WHAT TO DO. Each line of the entries, from the first to the line containing "color=color, linetype=linetype, lineweight=lineweight)", is to be transcribed exactly as it stands; include no other lines.

[Items listed in a dataset]
* * *
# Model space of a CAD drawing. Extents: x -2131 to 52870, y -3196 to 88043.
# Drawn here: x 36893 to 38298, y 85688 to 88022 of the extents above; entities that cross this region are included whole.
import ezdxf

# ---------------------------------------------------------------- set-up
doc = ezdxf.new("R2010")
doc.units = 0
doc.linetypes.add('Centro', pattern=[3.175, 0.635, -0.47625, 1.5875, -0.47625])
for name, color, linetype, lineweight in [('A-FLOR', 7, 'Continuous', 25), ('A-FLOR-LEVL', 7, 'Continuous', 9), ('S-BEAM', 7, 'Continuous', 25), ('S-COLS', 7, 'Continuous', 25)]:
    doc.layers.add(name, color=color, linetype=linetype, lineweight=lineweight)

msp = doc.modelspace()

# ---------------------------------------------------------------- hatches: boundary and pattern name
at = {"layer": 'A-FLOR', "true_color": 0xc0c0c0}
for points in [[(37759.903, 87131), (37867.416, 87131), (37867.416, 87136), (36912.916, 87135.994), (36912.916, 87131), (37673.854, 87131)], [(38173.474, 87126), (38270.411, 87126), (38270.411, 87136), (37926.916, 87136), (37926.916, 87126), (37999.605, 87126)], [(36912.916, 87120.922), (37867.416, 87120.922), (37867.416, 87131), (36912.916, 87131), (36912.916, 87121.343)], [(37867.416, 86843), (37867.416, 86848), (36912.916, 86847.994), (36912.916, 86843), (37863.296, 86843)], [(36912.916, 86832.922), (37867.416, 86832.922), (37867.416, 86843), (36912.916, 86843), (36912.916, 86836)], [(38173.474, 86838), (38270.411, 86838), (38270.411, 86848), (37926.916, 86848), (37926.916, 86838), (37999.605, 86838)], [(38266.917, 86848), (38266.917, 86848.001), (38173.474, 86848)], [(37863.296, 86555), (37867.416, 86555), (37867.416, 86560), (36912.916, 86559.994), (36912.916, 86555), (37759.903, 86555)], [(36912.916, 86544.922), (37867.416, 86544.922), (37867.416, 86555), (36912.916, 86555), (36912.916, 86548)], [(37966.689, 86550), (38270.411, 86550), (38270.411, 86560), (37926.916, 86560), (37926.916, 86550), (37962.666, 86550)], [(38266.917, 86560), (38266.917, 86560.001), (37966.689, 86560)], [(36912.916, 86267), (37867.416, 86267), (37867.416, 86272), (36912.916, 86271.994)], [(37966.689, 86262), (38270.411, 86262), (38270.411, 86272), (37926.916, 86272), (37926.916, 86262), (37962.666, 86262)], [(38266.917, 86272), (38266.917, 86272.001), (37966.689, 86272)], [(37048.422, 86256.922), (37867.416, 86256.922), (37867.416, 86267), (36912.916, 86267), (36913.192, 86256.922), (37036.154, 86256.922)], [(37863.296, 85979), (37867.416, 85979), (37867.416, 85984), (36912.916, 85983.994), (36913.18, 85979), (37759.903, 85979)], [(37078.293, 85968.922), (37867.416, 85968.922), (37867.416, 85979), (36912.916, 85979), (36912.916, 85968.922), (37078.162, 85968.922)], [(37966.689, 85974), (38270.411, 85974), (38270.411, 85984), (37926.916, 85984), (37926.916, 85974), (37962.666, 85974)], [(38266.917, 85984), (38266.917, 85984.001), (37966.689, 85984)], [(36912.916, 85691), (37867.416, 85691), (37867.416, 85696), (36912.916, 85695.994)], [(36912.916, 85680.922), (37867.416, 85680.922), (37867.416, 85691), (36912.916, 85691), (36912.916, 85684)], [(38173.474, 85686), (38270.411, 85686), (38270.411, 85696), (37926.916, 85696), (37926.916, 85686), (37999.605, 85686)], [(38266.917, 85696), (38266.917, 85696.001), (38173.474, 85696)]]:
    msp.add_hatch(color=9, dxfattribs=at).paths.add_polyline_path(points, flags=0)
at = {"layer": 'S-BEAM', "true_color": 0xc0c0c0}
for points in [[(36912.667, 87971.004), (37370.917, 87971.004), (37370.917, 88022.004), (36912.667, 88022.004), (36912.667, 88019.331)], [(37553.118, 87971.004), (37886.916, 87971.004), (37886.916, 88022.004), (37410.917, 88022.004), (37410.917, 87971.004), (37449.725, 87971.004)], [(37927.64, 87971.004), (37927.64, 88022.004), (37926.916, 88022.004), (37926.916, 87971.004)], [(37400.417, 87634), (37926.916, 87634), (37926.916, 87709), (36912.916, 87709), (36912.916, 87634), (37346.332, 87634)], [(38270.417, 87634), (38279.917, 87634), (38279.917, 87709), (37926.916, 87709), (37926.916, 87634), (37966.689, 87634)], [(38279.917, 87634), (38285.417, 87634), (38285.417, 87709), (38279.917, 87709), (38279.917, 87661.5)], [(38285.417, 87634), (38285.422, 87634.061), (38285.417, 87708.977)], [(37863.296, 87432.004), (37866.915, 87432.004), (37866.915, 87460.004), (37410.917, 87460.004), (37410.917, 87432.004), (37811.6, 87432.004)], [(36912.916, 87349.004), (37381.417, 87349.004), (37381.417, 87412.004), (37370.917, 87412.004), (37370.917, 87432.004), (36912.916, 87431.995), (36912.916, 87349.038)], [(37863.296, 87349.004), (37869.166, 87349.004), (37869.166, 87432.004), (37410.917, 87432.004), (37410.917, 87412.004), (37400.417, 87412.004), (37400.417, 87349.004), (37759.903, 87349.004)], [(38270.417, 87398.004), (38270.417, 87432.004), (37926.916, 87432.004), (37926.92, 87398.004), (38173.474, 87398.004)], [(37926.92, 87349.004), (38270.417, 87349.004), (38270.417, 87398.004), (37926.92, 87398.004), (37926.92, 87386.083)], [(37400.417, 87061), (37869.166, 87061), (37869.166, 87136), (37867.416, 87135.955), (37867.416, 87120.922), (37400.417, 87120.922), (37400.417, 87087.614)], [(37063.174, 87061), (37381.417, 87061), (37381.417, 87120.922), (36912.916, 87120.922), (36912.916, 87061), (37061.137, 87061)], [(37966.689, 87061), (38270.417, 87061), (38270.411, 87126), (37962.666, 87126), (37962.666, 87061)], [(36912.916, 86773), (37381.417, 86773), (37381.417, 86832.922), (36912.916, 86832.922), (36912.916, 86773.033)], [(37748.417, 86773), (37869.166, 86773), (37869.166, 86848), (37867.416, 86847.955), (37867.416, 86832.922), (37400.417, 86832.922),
* * *
SOLUTION TO THIS PROBLEM.
# Model space of a CAD drawing. Extents: x -2131 to 52870, y -3196 to 88043.
# Drawn here: x 36893 to 38298, y 85688 to 88022 of the extents above; entities that cross this region are included whole.
import ezdxf

# ---------------------------------------------------------------- set-up
doc = ezdxf.new("R2010")
doc.units = 0
doc.linetypes.add('Centro', pattern=[3.175, 0.635, -0.47625, 1.5875, -0.47625])
for name, color, linetype, lineweight in [('A-FLOR', 7, 'Continuous', 25), ('A-FLOR-LEVL', 7, 'Continuous', 9), ('S-BEAM', 7, 'Continuous', 25), ('S-COLS', 7, 'Continuous', 25)]:
    doc.layers.add(name, color=color, linetype=linetype, lineweight=lineweight)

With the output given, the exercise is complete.